Mike Sylwester said...

Brian at 5:48 a.m.

The Mueller report was going to be slam dunk evidence against Trump .... there was nothing there but innuendo .... it always requires secret communications among DOJ and intelligence officials ....

Keep in mind that Mueller found publicly that Trump and all his associates had nothing to do with the hacking and leaking of the Democratic National Committee's computer files. This was a public finding that upset the Trump-haters.

In recent months, I have changed my opinion about the Mueller Report -- because I have re-read it recently. Now I think that Mueller -- although not his entire staff -- was quite correct.

In particular, I have come to recognize that Mueller apparently did find that a group inside Vladimir Putin's Presidential Administration indeed did hack and leak the DNC files. The major motive was to cause trouble cause trouble for Hillary Clinton in her race against Bernie Sanders in the Democrats' primary election race in 2016. That was the motive stated in the Mueller Report.

Re-reading the Mueller Report now (the passages that are not blacked out), I recognize that Mueller indeed did obtain inside information about the hacking and leaking from Russians who were personally involved.

When the Mueller Report was published (with many blacked-out passages), Mueller was well informed about the hacking and leaking. That is why Mueller publicly exonerated Trump and all his associates from the hacking and leaking.

In the meantime, Mueller's gang of Trump-haters indeed did cause much trouble -- abusively and unfairly -- for Trump and his associates, all of whom were innocent of the hacking and leaking. In the end, though, Mueller refused to go along with that mistreatment and refused to pursue the Trump-hating gang's last resort to pursue an obstruction-of-justice persecution of Trump and his associates. On the contrary, Mueller's exonerated of Trump and of all his associates of the hacking and leaking accusations was clear and public.

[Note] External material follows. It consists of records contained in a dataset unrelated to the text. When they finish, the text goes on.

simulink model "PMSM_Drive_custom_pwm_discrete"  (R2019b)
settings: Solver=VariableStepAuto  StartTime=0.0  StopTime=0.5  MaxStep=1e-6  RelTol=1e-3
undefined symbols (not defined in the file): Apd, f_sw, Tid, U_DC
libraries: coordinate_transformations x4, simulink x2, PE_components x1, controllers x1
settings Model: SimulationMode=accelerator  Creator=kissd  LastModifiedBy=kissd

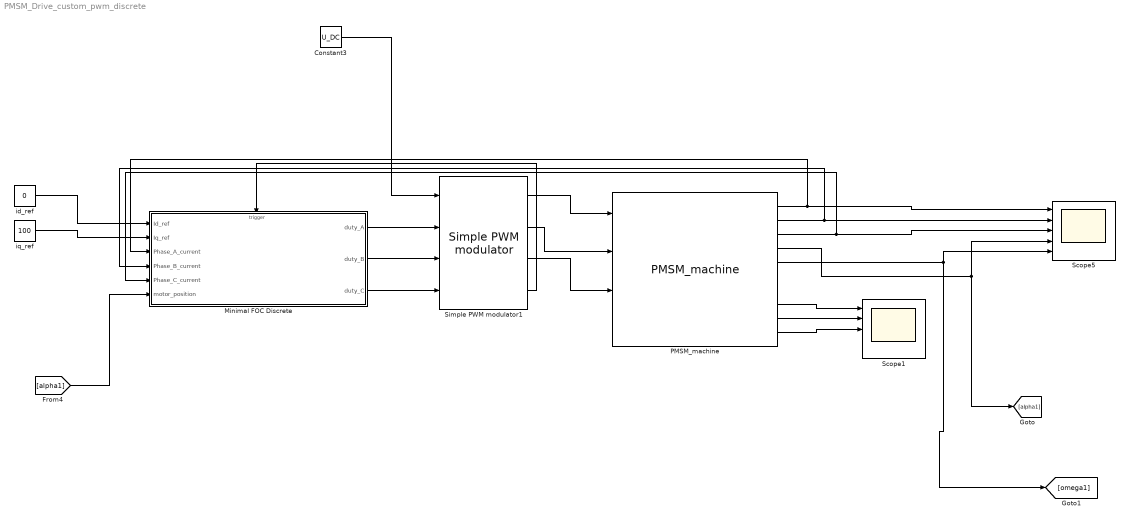
== system PMSM_Drive_custom_pwm_discrete ==
  Constant3 : Constant  Value=U_DC
  Minimal FOC Discrete : Subsystem  AncestorBlock=controllers/Minimal FOC Discrete
  PMSM_machine : PE_components/PMSM_machine  SystemSampleTime=-1  Latency=0  AutoFrameSizeCalculation=off
      link override Gain: Gain=1/Ld
      link override Gain1: Gain=Rs
      link override Gain2: Gain=Rs
      link override Gain4: Gain=1/Theta
      link override Gain7: Gain=3/2
      link override Integrator2: InitialCondition=0
      link override Sum2: Inputs=++-
  Scope1 : Scope  NumInputPorts=5
  Scope5 : Scope  NumInputPorts=5
  Simple PWM modulator1 : controllers/Simple PWM modulator  SystemSampleTime=-1  Latency=0  AutoFrameSizeCalculation=off
      link override Constant: Value=400
  id_ref : Constant  Value=0
  iq_ref : Constant  Value=100
  wires:
  PMSM_machine/2 -> Minimal FOC Discrete/4(Phase_B_current), Scope5/2
  PMSM_machine/3 -> Minimal FOC Discrete/5(Phase_C_current), Scope5/3
  PMSM_machine/1 -> Minimal FOC Discrete/3(Phase_A_current), Scope5/1
  PMSM_machine/4 -> [alpha1], Scope5/4
  PMSM_machine/5 -> [omega1], Scope5/5
  Constant3/1 -> Simple PWM modulator1/1
  Simple PWM modulator1/1 -> PMSM_machine/1
  Simple PWM modulator1/2 -> PMSM_machine/2
  Simple PWM modulator1/3 -> PMSM_machine/3
  PMSM_machine/8 -> Scope1/1
  PMSM_machine/9 -> Scope1/2
  PMSM_machine/10 -> Scope1/3
  id_ref/1 -> Minimal FOC Discrete/1(Id_ref)
  iq_ref/1 -> Minimal FOC Discrete/2(Iq_ref)
  [alpha1] -> Minimal FOC Discrete/6(motor_position)
  Minimal FOC Discrete/1(duty_A) -> Simple PWM modulator1/2
  Minimal FOC Discrete/2(duty_B) -> Simple PWM modulator1/3
  Minimal FOC Discrete/3(duty_C) -> Simple PWM modulator1/4
  Simple PWM modulator1/4 -> Minimal FOC Discrete/Trigger

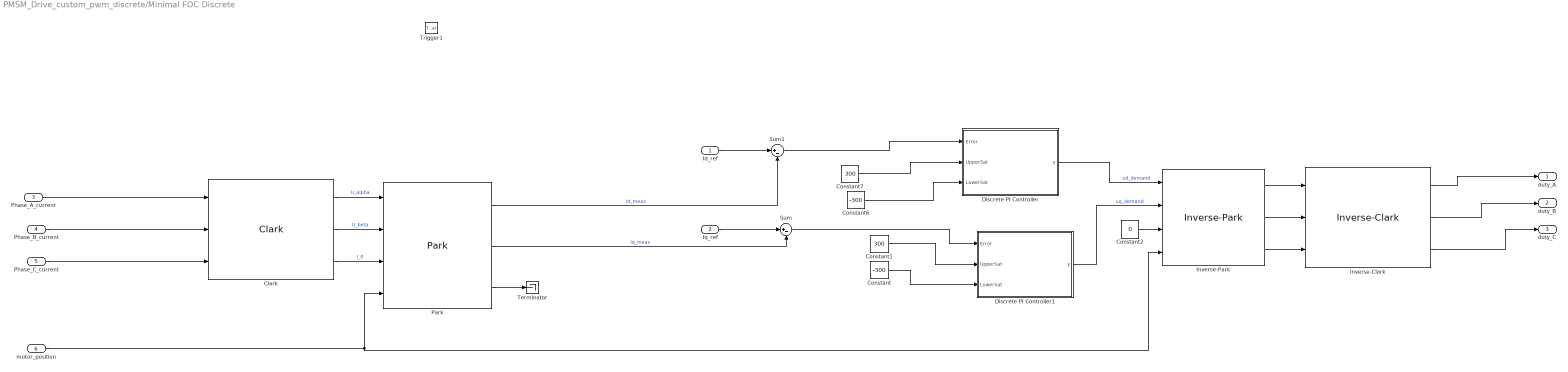
== system PMSM_Drive_custom_pwm_discrete/Minimal FOC Discrete ==
  Id_ref : Inport
  Iq_ref : Inport  Port=2
  Phase_A_current : Inport  Port=3
  Phase_B_current : Inport  Port=4
  Phase_C_current : Inport  Port=5
  motor_position : Inport  Port=6
  Trigger1 : TriggerPort  TriggerType=either  VariantControl=Variant  PortDimensions=1
  Clark : coordinate_transformations/Clark  SystemSampleTime=-1  Latency=0  AutoFrameSizeCalculation=off
  Constant : Constant  Value=-300
  Constant1 : Constant  Value=300
  Constant2 : Constant  Value=0
  Constant6 : Constant  Value=-300
  Constant7 : Constant  Value=300
  Discrete PI Controller : Subsystem  AncestorBlock=controllers/Discrete PI Controller  mask(Continous PI Controller){Apd=Apd, Tid=Tid, fs=f_sw}
      mask prompts: Apd "Proprotional Gain"; Tid "Integration Time"; fs "fsw"
      mask help: Continous PI Controller description.
  Discrete PI Controller1 : Subsystem  AncestorBlock=controllers/Discrete PI Controller  mask(Continous PI Controller){Apd=Apd, Tid=Tid, fs=f_sw}
      mask prompts: Apd "Proprotional Gain"; Tid "Integration Time"; fs "fsw"
      mask help: Continous PI Controller description.
  Inverse-Clark : coordinate_transformations/Inverse-Clark  SystemSampleTime=-1  Latency=0  AutoFrameSizeCalculation=off
  Inverse-Park : coordinate_transformations/Inverse-Park  SystemSampleTime=-1  Latency=0  AutoFrameSizeCalculation=off
  Park : coordinate_transformations/Park  SystemSampleTime=-1  Latency=0  AutoFrameSizeCalculation=off
  Sum : Sum  Inputs=|+-
  Sum1 : Sum  Inputs=|+-
  Terminator : Terminator
  duty_A : Outport
  duty_B : Outport  Port=2
  duty_C : Outport  Port=3
  wires:
  Discrete PI Controller1/1(y) -> Inverse-Park/2  "uq_demand"
  Inverse-Park/2 -> Inverse-Clark/2
  Inverse-Park/3 -> Inverse-Clark/3
  Park/2 -> Sum/2  "Iq_meas"
  Phase_C_current/1 -> Clark/3
  Constant7/1 -> Discrete PI Controller/2(UpperSat)
  Clark/1 -> Park/1  "U_alpha"
  Inverse-Clark/3 -> duty_C/1
  Constant1/1 -> Discrete PI Controller1/2(UpperSat)
  Sum/1 -> Discrete PI Controller1/1(Error)
  Inverse-Park/1 -> Inverse-Clark/1
  Constant6/1 -> Discrete PI Controller/3(LowerSat)
  motor_position/1 -> Park/4, Inverse-Park/4
  Park/1 -> Sum1/2  "Id_meas"
  Discrete PI Controller/1(y) -> Inverse-Park/1  "ud_demand"
  Constant/1 -> Discrete PI Controller1/3(LowerSat)
  Sum1/1 -> Discrete PI Controller/1(Error)
  Clark/2 -> Park/2  "U_beta"
  Iq_ref/1 -> Sum/1
  Clark/3 -> Park/3  "I_0"
  Park/3 -> Terminator/1
  Inverse-Clark/2 -> duty_B/1
  Id_ref/1 -> Sum1/1
  Inverse-Clark/1 -> duty_A/1
  Phase_B_current/1 -> Clark/2
  Phase_A_current/1 -> Clark/1
  Constant2/1 -> Inverse-Park/3

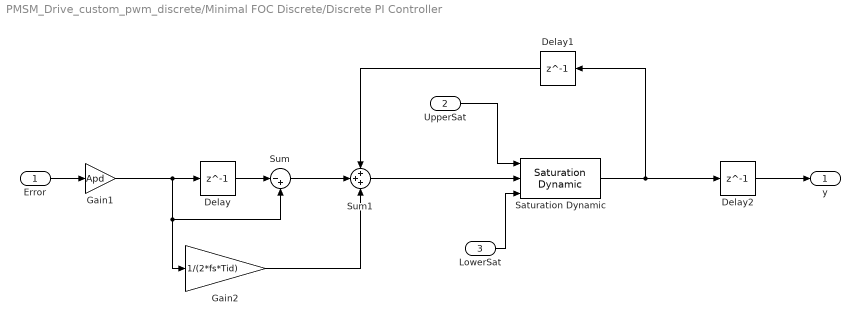
== system PMSM_Drive_custom_pwm_discrete/Minimal FOC Discrete/Discrete PI Controller ==
  Error : Inport
  UpperSat : Inport  Port=2
  LowerSat : Inport  Port=3
  Delay : Delay  DelayLength=1
  Delay1 : Delay  DelayLength=1
  Delay2 : Delay  DelayLength=1
  Gain1 : Gain  Gain=Apd
  Gain2 : Gain  Gain=1/(2*fs*Tid)
  Saturation Dynamic : simulink/Discontinuities/Saturation Dynamic  OutMin=[]  OutMax=[]  OutDataTypeStr=Inherit: Same as second input  OutDataType=fixdt(1, 16)  OutScaling=2^-10  DoSatur=off
  Sum : Sum  Inputs=|-+
  Sum1 : Sum  Inputs=+++
  y : Outport
  wires:
  Delay2/1 -> y/1
  Delay1/1 -> Sum1/1
  Gain2/1 -> Sum1/3
  Sum/1 -> Sum1/2
  Delay/1 -> Sum/1
  LowerSat/1 -> Saturation Dynamic/3
  UpperSat/1 -> Saturation Dynamic/1
  Saturation Dynamic/1 -> Delay2/1, Delay1/1
  Sum1/1 -> Saturation Dynamic/2
  Gain1/1 -> Delay/1, Sum/2, Gain2/1
  Error/1 -> Gain1/1

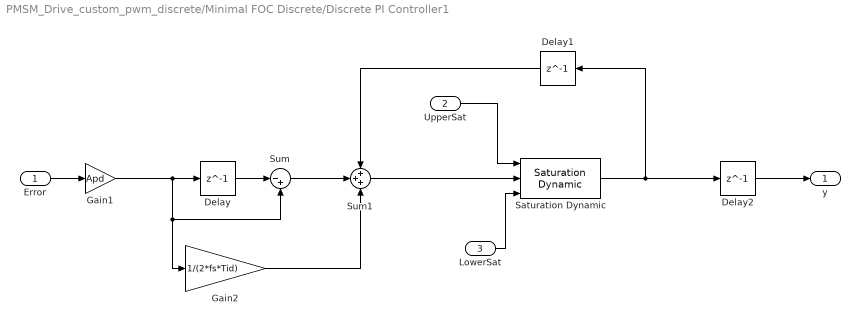
== system PMSM_Drive_custom_pwm_discrete/Minimal FOC Discrete/Discrete PI Controller1 ==
  Error : Inport
  UpperSat : Inport  Port=2
  LowerSat : Inport  Port=3
  Delay : Delay  DelayLength=1
  Delay1 : Delay  DelayLength=1
  Delay2 : Delay  DelayLength=1
  Gain1 : Gain  Gain=Apd
  Gain2 : Gain  Gain=1/(2*fs*Tid)
  Saturation Dynamic : simulink/Discontinuities/Saturation Dynamic  OutMin=[]  OutMax=[]  OutDataTypeStr=Inherit: Same as second input  OutDataType=fixdt(1, 16)  OutScaling=2^-10  DoSatur=off
  Sum : Sum  Inputs=|-+
  Sum1 : Sum  Inputs=+++
  y : Outport
  wires:
  Delay2/1 -> y/1
  Delay1/1 -> Sum1/1
  Gain2/1 -> Sum1/3
  Sum/1 -> Sum1/2
  Delay/1 -> Sum/1
  LowerSat/1 -> Saturation Dynamic/3
  UpperSat/1 -> Saturation Dynamic/1
  Saturation Dynamic/1 -> Delay2/1, Delay1/1
  Sum1/1 -> Saturation Dynamic/2
  Gain1/1 -> Delay/1, Sum/2, Gain2/1
  Error/1 -> Gain1/1

Some of Trump's supporters did remain convicted of various process and taxation violation. Those persecution should be criticized as abusive, but they were extraneous. Overall, Mueller was correct.

Bunkypotatohead said...

"Will his subsequent execution also be televised?"

That part will be shown, as a warning to the rest of us.

Josephbleau said...

"There's such a thing as jury nullification. If we the People watch the entire trial, we might think, yes, technically, there's a crime here and the evidence supports it, but it's just not right to convict."

The other side of nullification is that we will convict the people we are told to whether guilty or not. Like almost all cases in the privileged DC Federal courts.